> [What to produce]:
Whenever a line of the entries below holds the string "Training", copy that line and return it.

* * *

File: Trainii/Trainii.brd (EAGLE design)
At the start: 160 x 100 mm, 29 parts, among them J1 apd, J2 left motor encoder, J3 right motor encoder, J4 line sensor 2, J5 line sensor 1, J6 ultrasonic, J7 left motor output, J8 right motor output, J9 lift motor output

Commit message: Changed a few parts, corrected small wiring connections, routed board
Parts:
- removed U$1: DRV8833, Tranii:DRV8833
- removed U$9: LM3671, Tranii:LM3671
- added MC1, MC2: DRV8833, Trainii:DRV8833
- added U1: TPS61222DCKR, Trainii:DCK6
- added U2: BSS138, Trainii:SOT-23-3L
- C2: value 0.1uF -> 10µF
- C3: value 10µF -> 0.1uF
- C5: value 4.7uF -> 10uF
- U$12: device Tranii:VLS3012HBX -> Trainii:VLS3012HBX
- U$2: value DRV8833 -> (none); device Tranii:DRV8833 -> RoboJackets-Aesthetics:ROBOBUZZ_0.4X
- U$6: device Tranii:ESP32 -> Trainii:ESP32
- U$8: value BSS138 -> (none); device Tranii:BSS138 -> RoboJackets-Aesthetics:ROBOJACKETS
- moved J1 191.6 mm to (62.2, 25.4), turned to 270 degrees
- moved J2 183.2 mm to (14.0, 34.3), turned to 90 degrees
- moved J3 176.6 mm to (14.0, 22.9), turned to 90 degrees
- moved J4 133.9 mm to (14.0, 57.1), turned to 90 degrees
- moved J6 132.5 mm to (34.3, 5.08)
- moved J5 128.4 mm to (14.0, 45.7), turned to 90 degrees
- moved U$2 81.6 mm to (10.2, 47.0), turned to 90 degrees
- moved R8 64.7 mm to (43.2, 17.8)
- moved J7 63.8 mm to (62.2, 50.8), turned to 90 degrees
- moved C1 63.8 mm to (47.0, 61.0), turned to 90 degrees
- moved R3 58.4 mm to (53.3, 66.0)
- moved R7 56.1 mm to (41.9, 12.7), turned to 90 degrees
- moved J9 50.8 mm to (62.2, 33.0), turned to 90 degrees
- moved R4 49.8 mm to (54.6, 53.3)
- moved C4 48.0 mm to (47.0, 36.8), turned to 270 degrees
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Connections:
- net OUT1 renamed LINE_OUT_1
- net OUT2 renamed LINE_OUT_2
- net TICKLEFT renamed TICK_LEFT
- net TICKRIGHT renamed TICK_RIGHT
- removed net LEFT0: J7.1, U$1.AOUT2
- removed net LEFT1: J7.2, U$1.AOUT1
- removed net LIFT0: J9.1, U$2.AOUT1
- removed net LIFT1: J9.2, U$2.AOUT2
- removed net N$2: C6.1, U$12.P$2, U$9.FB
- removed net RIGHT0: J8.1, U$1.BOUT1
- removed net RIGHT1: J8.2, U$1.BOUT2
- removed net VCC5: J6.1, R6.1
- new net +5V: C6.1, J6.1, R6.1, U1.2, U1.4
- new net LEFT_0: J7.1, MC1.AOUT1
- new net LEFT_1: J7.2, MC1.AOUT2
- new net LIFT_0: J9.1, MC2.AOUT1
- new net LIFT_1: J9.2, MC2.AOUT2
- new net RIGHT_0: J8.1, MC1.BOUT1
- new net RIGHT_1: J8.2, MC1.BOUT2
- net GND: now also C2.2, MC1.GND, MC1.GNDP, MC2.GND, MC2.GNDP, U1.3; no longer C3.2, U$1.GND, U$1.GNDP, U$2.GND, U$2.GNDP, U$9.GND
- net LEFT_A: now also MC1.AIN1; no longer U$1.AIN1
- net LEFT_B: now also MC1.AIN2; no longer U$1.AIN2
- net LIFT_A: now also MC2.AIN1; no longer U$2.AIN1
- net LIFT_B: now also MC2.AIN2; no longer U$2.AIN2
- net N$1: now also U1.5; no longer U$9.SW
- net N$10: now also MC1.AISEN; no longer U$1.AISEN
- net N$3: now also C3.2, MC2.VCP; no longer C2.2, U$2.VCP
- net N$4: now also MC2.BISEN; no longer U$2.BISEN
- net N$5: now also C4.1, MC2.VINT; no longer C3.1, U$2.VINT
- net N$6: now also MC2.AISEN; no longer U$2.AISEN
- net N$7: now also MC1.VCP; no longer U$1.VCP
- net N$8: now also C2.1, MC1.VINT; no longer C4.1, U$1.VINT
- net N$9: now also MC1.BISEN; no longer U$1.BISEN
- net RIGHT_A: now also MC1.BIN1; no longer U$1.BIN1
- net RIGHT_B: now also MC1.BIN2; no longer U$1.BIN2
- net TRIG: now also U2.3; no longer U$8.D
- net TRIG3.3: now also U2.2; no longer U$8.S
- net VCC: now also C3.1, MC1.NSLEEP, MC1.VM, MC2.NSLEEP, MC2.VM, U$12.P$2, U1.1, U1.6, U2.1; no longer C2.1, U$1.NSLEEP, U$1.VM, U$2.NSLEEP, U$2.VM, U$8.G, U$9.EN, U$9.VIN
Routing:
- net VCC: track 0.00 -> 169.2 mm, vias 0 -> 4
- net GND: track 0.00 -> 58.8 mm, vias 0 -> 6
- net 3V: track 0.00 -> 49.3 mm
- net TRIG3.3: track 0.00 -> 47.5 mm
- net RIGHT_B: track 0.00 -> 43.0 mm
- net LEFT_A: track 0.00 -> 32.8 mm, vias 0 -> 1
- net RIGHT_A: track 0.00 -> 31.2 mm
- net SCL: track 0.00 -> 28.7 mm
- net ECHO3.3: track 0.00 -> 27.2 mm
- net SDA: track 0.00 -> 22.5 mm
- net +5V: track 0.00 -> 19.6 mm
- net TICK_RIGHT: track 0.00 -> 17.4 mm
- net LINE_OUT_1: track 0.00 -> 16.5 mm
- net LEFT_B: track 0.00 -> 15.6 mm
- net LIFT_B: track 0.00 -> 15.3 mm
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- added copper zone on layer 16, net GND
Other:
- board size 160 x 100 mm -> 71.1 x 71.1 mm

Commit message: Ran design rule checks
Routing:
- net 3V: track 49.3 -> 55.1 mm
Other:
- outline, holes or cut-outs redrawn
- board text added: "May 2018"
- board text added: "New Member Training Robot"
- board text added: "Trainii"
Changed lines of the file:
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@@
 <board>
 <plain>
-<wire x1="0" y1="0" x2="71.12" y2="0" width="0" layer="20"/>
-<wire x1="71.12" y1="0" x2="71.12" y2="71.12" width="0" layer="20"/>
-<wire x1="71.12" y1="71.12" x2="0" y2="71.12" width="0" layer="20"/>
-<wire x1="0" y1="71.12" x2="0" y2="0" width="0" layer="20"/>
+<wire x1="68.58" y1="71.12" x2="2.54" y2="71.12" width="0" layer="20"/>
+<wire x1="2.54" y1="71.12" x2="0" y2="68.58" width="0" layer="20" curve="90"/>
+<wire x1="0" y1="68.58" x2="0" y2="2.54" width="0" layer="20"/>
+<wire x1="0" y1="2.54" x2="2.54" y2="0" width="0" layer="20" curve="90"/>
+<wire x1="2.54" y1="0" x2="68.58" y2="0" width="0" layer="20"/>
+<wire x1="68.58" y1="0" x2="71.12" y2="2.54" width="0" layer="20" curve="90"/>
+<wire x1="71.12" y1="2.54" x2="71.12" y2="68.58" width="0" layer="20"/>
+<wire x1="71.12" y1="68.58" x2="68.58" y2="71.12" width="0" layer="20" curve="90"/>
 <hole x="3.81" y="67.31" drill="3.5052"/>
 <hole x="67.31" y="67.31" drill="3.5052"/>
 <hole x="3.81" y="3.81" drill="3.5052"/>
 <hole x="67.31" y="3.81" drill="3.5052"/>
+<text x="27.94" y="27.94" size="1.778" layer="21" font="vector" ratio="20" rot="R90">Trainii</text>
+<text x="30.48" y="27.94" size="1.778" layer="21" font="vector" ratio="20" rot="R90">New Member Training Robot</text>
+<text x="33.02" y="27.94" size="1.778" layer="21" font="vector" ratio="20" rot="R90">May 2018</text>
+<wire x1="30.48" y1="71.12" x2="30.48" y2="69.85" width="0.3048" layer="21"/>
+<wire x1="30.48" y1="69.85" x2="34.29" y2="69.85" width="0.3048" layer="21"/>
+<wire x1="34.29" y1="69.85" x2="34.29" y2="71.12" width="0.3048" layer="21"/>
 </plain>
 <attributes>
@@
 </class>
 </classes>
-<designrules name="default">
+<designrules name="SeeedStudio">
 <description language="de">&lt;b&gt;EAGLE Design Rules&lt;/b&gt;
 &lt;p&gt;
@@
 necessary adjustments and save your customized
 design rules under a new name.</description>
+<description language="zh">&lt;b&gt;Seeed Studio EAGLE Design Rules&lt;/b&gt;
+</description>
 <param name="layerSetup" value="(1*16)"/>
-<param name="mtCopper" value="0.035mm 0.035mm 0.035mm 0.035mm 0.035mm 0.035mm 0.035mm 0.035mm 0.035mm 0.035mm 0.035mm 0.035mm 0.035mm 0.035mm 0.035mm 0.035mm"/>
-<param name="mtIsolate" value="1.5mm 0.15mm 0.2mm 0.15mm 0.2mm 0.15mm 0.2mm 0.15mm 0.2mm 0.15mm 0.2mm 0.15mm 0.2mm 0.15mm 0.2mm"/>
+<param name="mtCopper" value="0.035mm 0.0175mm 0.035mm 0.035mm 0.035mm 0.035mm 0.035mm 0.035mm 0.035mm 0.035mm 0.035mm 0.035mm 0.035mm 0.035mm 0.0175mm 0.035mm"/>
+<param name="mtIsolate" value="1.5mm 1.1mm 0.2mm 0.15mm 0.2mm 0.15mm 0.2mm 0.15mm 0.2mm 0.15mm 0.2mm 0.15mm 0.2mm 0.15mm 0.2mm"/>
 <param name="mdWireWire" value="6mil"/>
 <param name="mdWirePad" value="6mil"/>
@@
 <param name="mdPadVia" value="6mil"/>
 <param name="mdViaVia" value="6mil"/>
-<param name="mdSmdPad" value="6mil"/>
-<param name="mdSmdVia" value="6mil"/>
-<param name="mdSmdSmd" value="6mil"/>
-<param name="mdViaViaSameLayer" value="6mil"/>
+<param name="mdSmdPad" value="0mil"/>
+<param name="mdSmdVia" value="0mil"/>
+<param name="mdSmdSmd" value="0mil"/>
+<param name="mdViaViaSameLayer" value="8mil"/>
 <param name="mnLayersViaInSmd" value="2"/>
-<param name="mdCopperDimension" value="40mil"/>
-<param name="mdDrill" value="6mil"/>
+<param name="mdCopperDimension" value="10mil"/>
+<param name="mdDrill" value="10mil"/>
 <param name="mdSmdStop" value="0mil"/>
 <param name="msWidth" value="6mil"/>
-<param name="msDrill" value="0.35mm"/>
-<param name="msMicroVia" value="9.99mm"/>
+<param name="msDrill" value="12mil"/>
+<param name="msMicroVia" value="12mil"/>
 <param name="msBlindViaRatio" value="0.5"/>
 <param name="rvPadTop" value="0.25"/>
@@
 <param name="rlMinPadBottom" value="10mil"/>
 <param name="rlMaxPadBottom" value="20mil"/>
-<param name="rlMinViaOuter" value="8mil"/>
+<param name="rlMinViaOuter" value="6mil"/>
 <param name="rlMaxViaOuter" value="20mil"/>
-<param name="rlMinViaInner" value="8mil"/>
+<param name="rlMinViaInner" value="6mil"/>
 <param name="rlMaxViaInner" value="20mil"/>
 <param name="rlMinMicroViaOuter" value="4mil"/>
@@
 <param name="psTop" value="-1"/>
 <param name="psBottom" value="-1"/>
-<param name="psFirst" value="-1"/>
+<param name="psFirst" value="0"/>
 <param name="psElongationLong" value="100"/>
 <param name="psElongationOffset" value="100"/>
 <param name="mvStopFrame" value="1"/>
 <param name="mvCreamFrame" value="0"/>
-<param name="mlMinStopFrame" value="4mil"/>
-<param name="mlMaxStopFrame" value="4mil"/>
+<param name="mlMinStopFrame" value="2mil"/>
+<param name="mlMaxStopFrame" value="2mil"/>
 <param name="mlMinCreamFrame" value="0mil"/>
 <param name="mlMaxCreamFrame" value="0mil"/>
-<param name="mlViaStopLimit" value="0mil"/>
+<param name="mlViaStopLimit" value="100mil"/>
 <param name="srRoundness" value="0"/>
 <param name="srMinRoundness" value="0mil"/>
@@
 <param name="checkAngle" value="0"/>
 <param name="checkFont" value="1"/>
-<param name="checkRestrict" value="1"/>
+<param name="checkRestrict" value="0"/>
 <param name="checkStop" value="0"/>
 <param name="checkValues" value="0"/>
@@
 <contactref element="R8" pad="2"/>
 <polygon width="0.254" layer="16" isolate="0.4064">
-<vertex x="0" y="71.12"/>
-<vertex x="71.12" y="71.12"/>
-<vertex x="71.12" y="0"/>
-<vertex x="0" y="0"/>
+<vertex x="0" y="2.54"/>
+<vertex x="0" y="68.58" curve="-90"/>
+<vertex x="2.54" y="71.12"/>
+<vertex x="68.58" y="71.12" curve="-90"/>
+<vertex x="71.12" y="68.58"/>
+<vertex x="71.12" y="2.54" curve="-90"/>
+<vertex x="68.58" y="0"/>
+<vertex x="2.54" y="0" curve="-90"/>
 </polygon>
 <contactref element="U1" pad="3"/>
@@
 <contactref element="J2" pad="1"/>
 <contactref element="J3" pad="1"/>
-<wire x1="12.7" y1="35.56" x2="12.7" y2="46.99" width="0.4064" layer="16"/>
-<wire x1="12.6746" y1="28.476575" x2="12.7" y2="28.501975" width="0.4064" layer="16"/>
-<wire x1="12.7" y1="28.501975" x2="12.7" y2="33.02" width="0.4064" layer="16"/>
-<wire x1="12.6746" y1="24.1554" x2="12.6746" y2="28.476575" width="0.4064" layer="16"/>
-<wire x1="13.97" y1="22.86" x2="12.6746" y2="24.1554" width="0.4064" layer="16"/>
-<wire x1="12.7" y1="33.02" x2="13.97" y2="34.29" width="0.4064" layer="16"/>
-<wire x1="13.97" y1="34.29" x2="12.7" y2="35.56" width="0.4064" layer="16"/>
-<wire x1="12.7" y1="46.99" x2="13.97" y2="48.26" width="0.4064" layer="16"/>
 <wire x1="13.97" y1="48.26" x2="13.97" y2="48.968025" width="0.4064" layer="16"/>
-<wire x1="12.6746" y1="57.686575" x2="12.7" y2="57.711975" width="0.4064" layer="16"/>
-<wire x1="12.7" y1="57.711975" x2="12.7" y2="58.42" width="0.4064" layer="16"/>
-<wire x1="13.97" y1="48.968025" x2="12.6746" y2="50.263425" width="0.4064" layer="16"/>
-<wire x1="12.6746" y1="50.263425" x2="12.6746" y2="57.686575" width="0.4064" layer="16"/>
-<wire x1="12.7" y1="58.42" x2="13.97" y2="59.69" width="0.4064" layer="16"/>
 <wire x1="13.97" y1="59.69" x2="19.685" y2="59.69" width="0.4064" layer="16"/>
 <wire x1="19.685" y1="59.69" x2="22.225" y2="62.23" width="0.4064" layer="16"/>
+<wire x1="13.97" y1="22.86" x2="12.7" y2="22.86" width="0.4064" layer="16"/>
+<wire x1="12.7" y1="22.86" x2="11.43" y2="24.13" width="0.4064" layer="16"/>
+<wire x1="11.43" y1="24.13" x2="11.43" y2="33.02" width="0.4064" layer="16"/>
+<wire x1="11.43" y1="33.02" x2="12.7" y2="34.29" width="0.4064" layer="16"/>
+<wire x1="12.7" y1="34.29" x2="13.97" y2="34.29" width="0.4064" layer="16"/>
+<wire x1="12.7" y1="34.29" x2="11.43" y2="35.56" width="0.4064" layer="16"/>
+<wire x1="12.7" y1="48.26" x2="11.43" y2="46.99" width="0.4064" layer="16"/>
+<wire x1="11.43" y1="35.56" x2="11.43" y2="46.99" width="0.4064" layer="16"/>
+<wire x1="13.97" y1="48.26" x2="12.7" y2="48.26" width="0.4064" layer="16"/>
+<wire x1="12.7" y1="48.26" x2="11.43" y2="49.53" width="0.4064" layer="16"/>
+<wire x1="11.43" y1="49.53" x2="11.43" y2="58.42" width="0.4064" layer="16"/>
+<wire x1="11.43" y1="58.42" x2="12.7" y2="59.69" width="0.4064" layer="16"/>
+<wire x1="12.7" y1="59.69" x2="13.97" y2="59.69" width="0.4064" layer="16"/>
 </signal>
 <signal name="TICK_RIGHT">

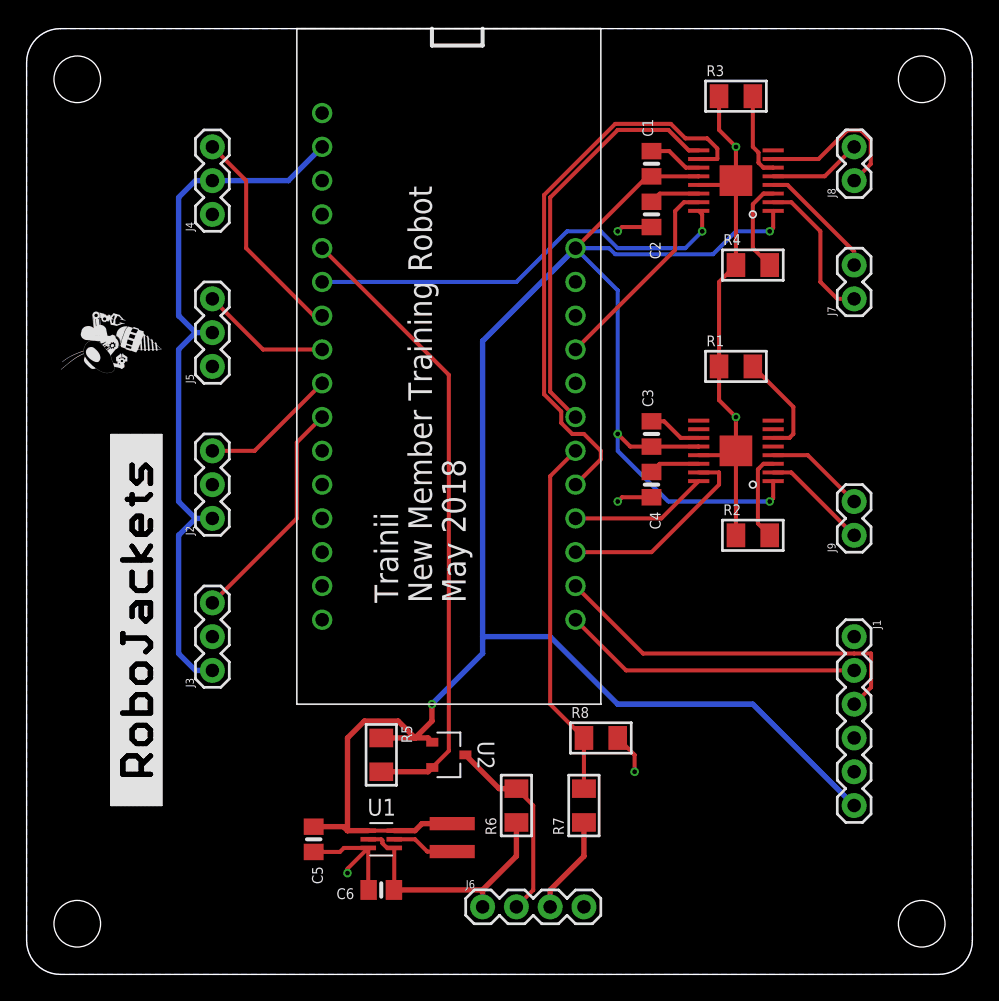
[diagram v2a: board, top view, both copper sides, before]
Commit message: Squeezes board to 2in width.
Re-layout to try to fit board into last draft of the mechanical CAD.
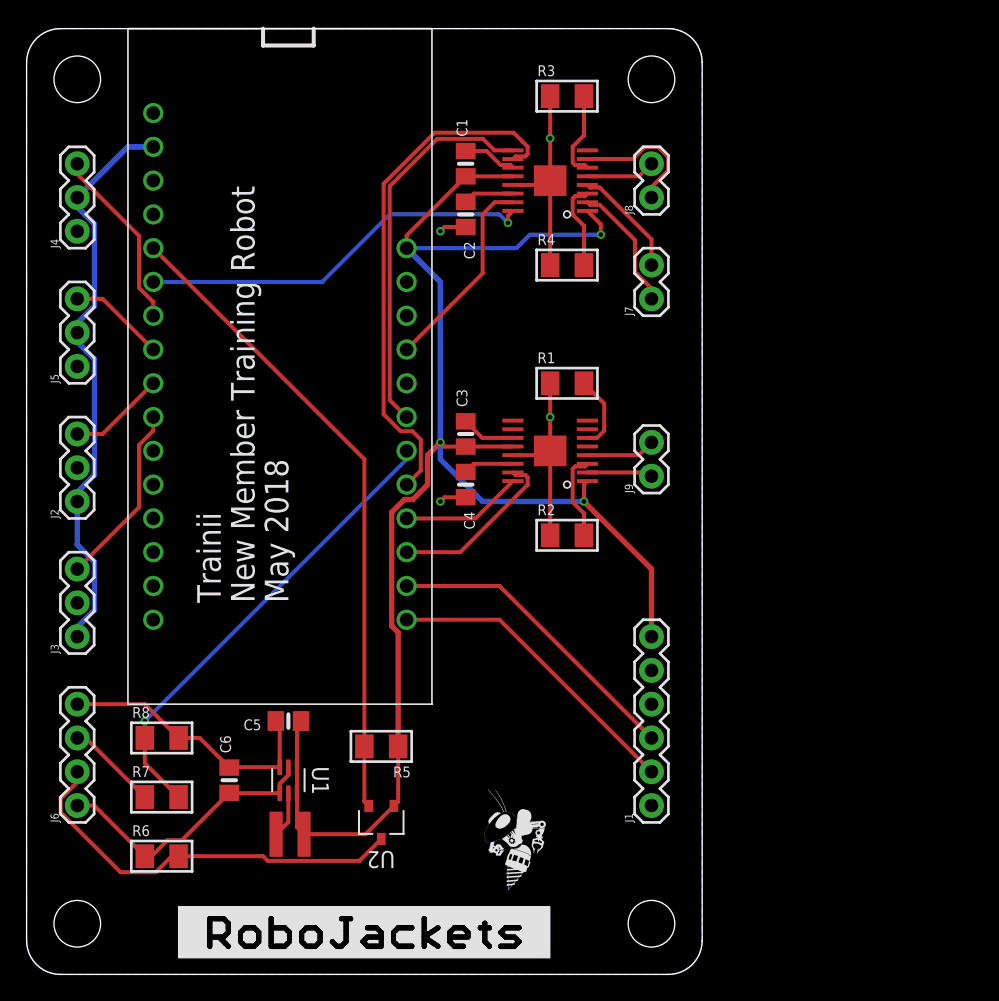
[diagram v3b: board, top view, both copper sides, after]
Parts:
- moved U$2 48.3 mm to (36.2, 6.35), turned to 0 degrees
- moved R8 33.0 mm to (10.2, 17.8)
- moved R7 31.8 mm to (10.2, 13.3), turned to 0 degrees
- moved J6 31.4 mm to (3.81, 12.7), turned to 90 degrees
- moved R6 26.9 mm to (10.2, 8.89), turned to 0 degrees
- moved J1 19.8 mm to (47.0, 12.7), turned to 90 degrees
- moved J9 15.9 mm to (47.0, 37.5)
- moved J8 15.3 mm to (47.0, 58.4)
- moved J7 15.2 mm to (47.0, 50.8)
- moved C6 14.1 mm to (15.2, 14.6), turned to 90 degrees
- moved MC1 14.0 mm to (39.4, 59.7)
- moved MC2 14.0 mm to (39.4, 39.4)
- moved C1 14.0 mm to (33.0, 61.0)
- moved C2 14.0 mm to (33.0, 57.1)
- moved C3 14.0 mm to (33.0, 40.6)
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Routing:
- net VCC: track 169.2 -> 122.6 mm, vias 4 -> 3
- net TRIG: track 14.8 -> 30.9 mm
- net 3V: track 55.1 -> 43.5 mm
- net ECHO3.3: track 27.2 -> 35.2 mm, vias 0 -> 1
- net SCL: track 28.7 -> 23.1 mm
- net GND: track 58.8 -> 55.1 mm, vias 6 -> 4
- net RIGHT_B: track 43.0 -> 39.4 mm
- net TICK_RIGHT: track 17.4 -> 13.8 mm
- net LIFT_0: track 8.05 -> 4.94 mm
- net TICK_LEFT: track 10.4 -> 7.29 mm
- net LEFT_A: track 32.8 -> 30.1 mm
- net LINE_OUT_1: track 16.5 -> 13.8 mm
- net LINE_OUT_2: track 9.83 -> 7.29 mm
- net LIFT_B: track 15.3 -> 13.0 mm
- net LIFT_1: track 7.53 -> 5.22 mm
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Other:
- board size 71.1 x 71.1 mm -> 50.8 x 71.1 mm

* * *

> [Problem solution]:
- board text added: "New Member Training Robot"
+<text x="30.48" y="27.94" size="1.778" layer="21" font="vector" ratio="20" rot="R90">New Member Training Robot</text>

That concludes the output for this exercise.